In his famous opinion in the 1945 Associated Press v. US case, Justice Hugo Black said that "the First Amendment rests on the assumption that the widest possible dissemination of information from diverse and antagonistic sources is essential to the welfare of the public, that a free press is a condition of a free society." In other words, a free press is the sine qua non of the entire American Constitution and republican experiment.
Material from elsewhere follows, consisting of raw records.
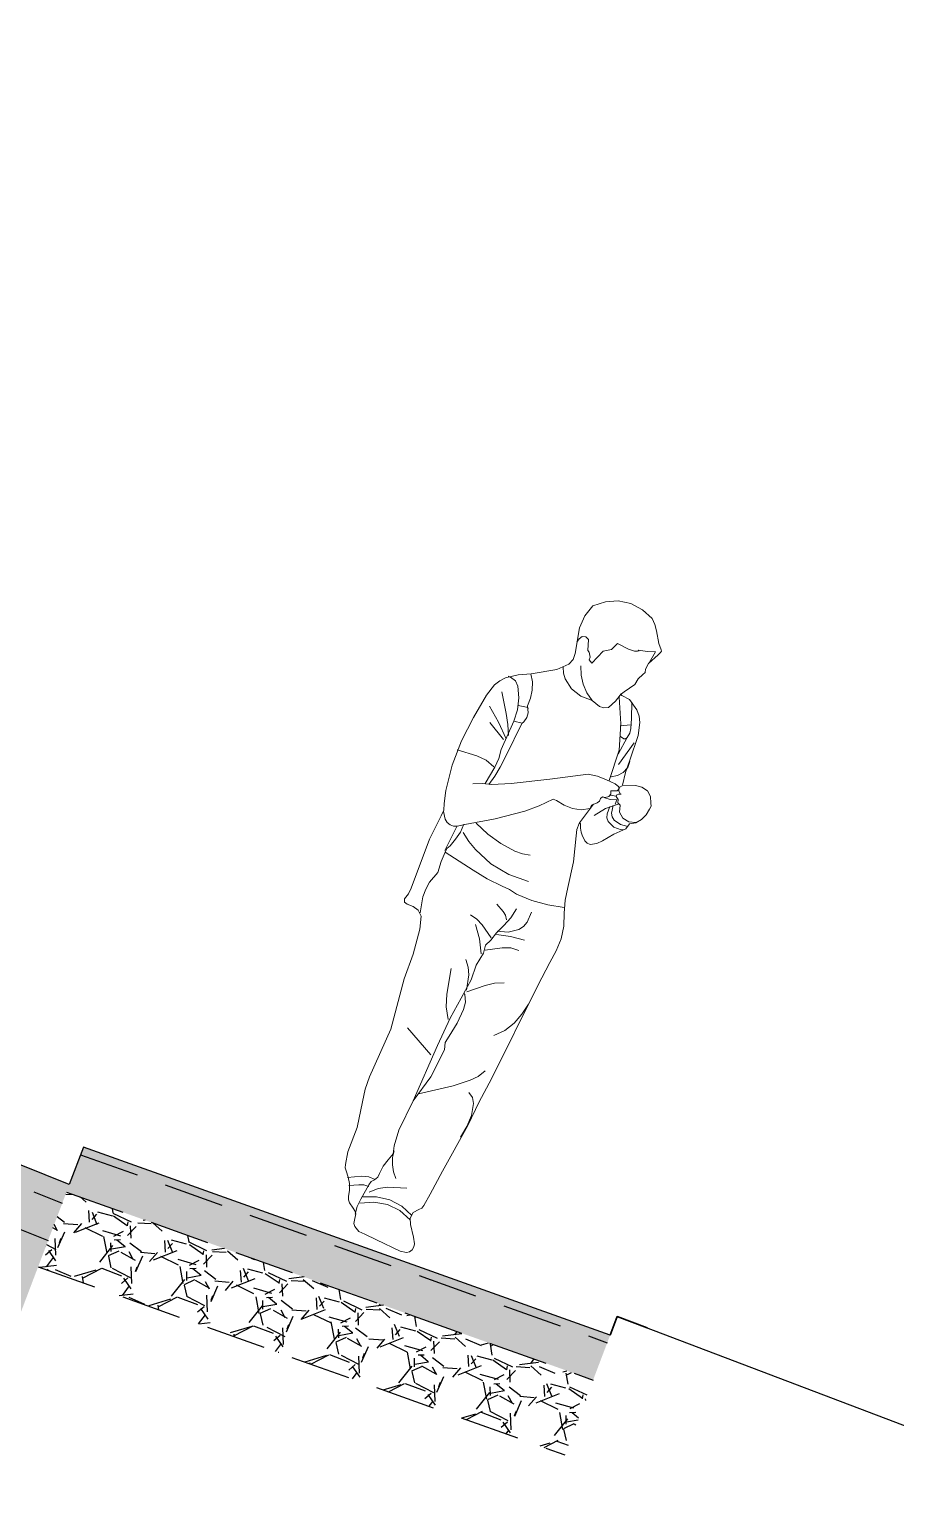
# Model space of a CAD drawing. Header units: metres. Extents: x 1851427 to 1852022, y 5183007 to 5183309.
# Drawn here: x 1851972.63 to 1851978.06, y 5183045.03 to 5183054.15 of the extents above; entities that cross this region are included whole.
import ezdxf

# ---------------------------------------------------------------- set-up
doc = ezdxf.new("R2010")
doc.units = ezdxf.units.M
doc.header["$LTSCALE"] = 2.5
doc.linetypes.add('L8', pattern=[0.22499999999999998, 0.15, -0.075])
doc.layers.get('0').update_dxf_attribs({"linetype": 'CONTINUOUS', "lineweight": 30})
doc.layers.add('PRO_BAT', color=252, linetype='CONTINUOUS', lineweight=18)
doc.layers.add('PRO_VOI', color=7, linetype='CONTINUOUS')
doc.layers.add('PRO_VOI_APLAT', color=7, linetype='CONTINUOUS')
pattern_1 = [(207.222767787874, (1851852.503434718, 5183095.329679731), (-2.033322462424694, -1.061930875673892), [0.02562907499999998, -2.537287499999997]), (164.179667787874, (1851852.480644384, 5183095.317955645), (2.204772562771281, -0.6333092383342067), [0.04398037499999996, -4.354049999999996]), (111.720367787874, (1851852.438329953, 5183095.329945611), (1.037172719165866, -2.635226991777006), [0.03101114999999998, -3.070102499999998]), (246.4836677878741, (1851852.351968267, 5183095.311792186), (1.530432726184563, 3.494303401733427), [0.04005037499999999, -3.964979999999999]), (272.043667787874, (1851852.335987758, 5183095.275068182), (-0.07907962742864971, 2.475239333163382), [0.03927255, -3.887985]), (336.4836677878741, (1851852.337388233, 5183095.235820577), (-3.494303401733426, 1.530432726184562), [0.04005037499999995, -3.964979999999997]), (16.90416778787402, (1851852.374112236, 5183095.219840068), (-2.991418544879551, -0.9019388108644477), [0.05296454999999999, -5.2434825]), (51.46526778787403, (1851852.424788241, 5183095.235240685), (2.734246991993891, 3.444795195463483), [0.05000399999999999, -4.950397499999999]), (100.639567787874, (1851852.455940148, 5183095.274355346), (-0.5457502400743339, 2.856181313248471), [0.04018597499999998, -3.978412499999999]), (154.446367787874, (1851852.448520623, 5183095.313850494), (1.891438833348875, -0.9218796342700325), [0.04587847499999999, -2.248042499999999]), (201.607367787874, (1851852.407129908, 5183095.333640469), (-2.880937618055834, -1.147651332019518), [0.05933084999999998, -5.873759999999998]), (118.024067787874, (1851852.527607194, 5183095.2430705), (-0.8409708686210677, 1.541892656255698), [0.020250375, -2.004794999999999]), (150.6791677878741, (1851852.518092693, 5183095.260946576), (2.180011083646557, -1.23521129072653), [0.03852614999999997, -3.814094999999997]), (204.209967787874, (1851852.484501987, 5183095.279812835), (-0.0676168477746198, -0.1780959360152524), [0.02694067499999999, -0.24246675]), (182.408567787874, (1851852.480149291, 5183095.305917544), (1.025717670510093, 0.01810806724498881), [0.01450807499999998, -1.436294999999998]), (271.011367787874, (1851852.46565406, 5183095.305307845), (0.02475462991588673, 0.6019054577062376), [0.02051744999999999, -1.005359999999999]), (10.17376778787402, (1851852.466016213, 5183095.284793565), (0.6695215012322533, 0.1533419249636173), [0.03332399999999998, -1.077472499999999]), (140.775067787874, (1851852.498816142, 5183095.290679675), (0.2885754840567882, -0.3133296419786731), [0.02409652499999999, -0.5783174999999996]), (355.599467787874, (1851852.362358347, 5183095.344525643), (1.983811816340471, -0.1418822508214895), [0.03375659999999998, -3.341909999999999]), (49.55616778787406, (1851852.396015521, 5183095.341935573), (-1.456167025207807, -1.688587039298942), [0.02831992499999999, -2.803664999999997]), (272.408567787874, (1851852.512339521, 5183095.326298887), (-0.0181080672449887, 1.025717670510093), [0.02901599999999998, -1.421789999999999]), (322.820467787874, (1851852.513558919, 5183095.297308424), (-1.57811129704283, 1.210456372570298), [0.03375659999999998, -3.341909999999999]), (318.6539677878741, (1851852.320435873, 5183095.234106086), (-0.7552477687384729, 0.694276571594849), [0.03255262499999998, -1.595077499999999]), (273.9850677878741, (1851852.344874228, 5183095.212601621), (-0.1466927247230404, 2.297139403243539), [0.02727539999999999, -2.700269999999998]), (46.01136778787404, (1851852.446503587, 5183095.147526659), (0.6942792859825292, 0.7552489091363123), [0.02901599999999999, -1.421789999999999]), (356.563967787874, (1851852.466655716, 5183095.168403095), (-2.585716038747329, 0.1666365125184464), [0.03193372499999999, -3.161429999999999]), (48.65396778787406, (1851852.35923652, 5183095.180658937), (-0.6942765715948495, -0.7552477687384728), [0.01627634999999999, -1.61136]), (80.519867787874, (1851852.435817824, 5183095.151583673), (0.09237153088654623, 0.7799985082176062), [0.009713624999999995, -0.9616499999999998]), (145.173767787874, (1851852.437417708, 5183095.161164645), (0.466671770835646, -0.3809465733205117), [0.03927255, -0.74617875]), (165.218967787874, (1851852.405179342, 5183095.183592826), (1.848574683787666, -0.4980723000192452), [0.03639502499999999, -3.603104999999999]), (282.900067787874, (1851852.459930693, 5183095.268764919), (-0.04286246123709256, 0.4238086882492405), [0.02747429999999999, -0.6593834999999996]), (332.3671677878739, (1851852.46606435, 5183095.24198404), (2.892399834588675, -1.505681381117577), [0.04796677499999998, -4.748699999999998]), (40.15536778787403, (1851852.508559857, 5183095.219736934), (-1.18569970109362, -0.976202483381961), [0.01961309999999999, -1.941704999999999]), (69.20996778787404, (1851852.52355018, 5183095.232384736), (-0.1104791635447878, 0.2457129512712832), [0.01142999999999999, -0.1790699999999998]), (99.46636778787403, (1851852.403645927, 5183095.190288046), (0.2390647014809119, -1.517138775306859), [0.02646502499999998, -2.620042499999998]), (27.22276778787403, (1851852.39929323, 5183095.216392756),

The Bush Administration attack on the foundations of self-government demands a response of similar caliber. Under pressure from media-reform activists Congress has begun to push back, with a strong bipartisan vote in the Senate Commerce Committee to limit the ability of federal agencies to produce covert video news segments and to investigate Defense Department spending on propaganda initiatives. But until the Administration is held accountable by Congress for all its assaults on journalism, and until standards are developed to assure that such abuses will not be repeated by future administrations, freedom of the press will exist in name only, with all that suggests for our polity.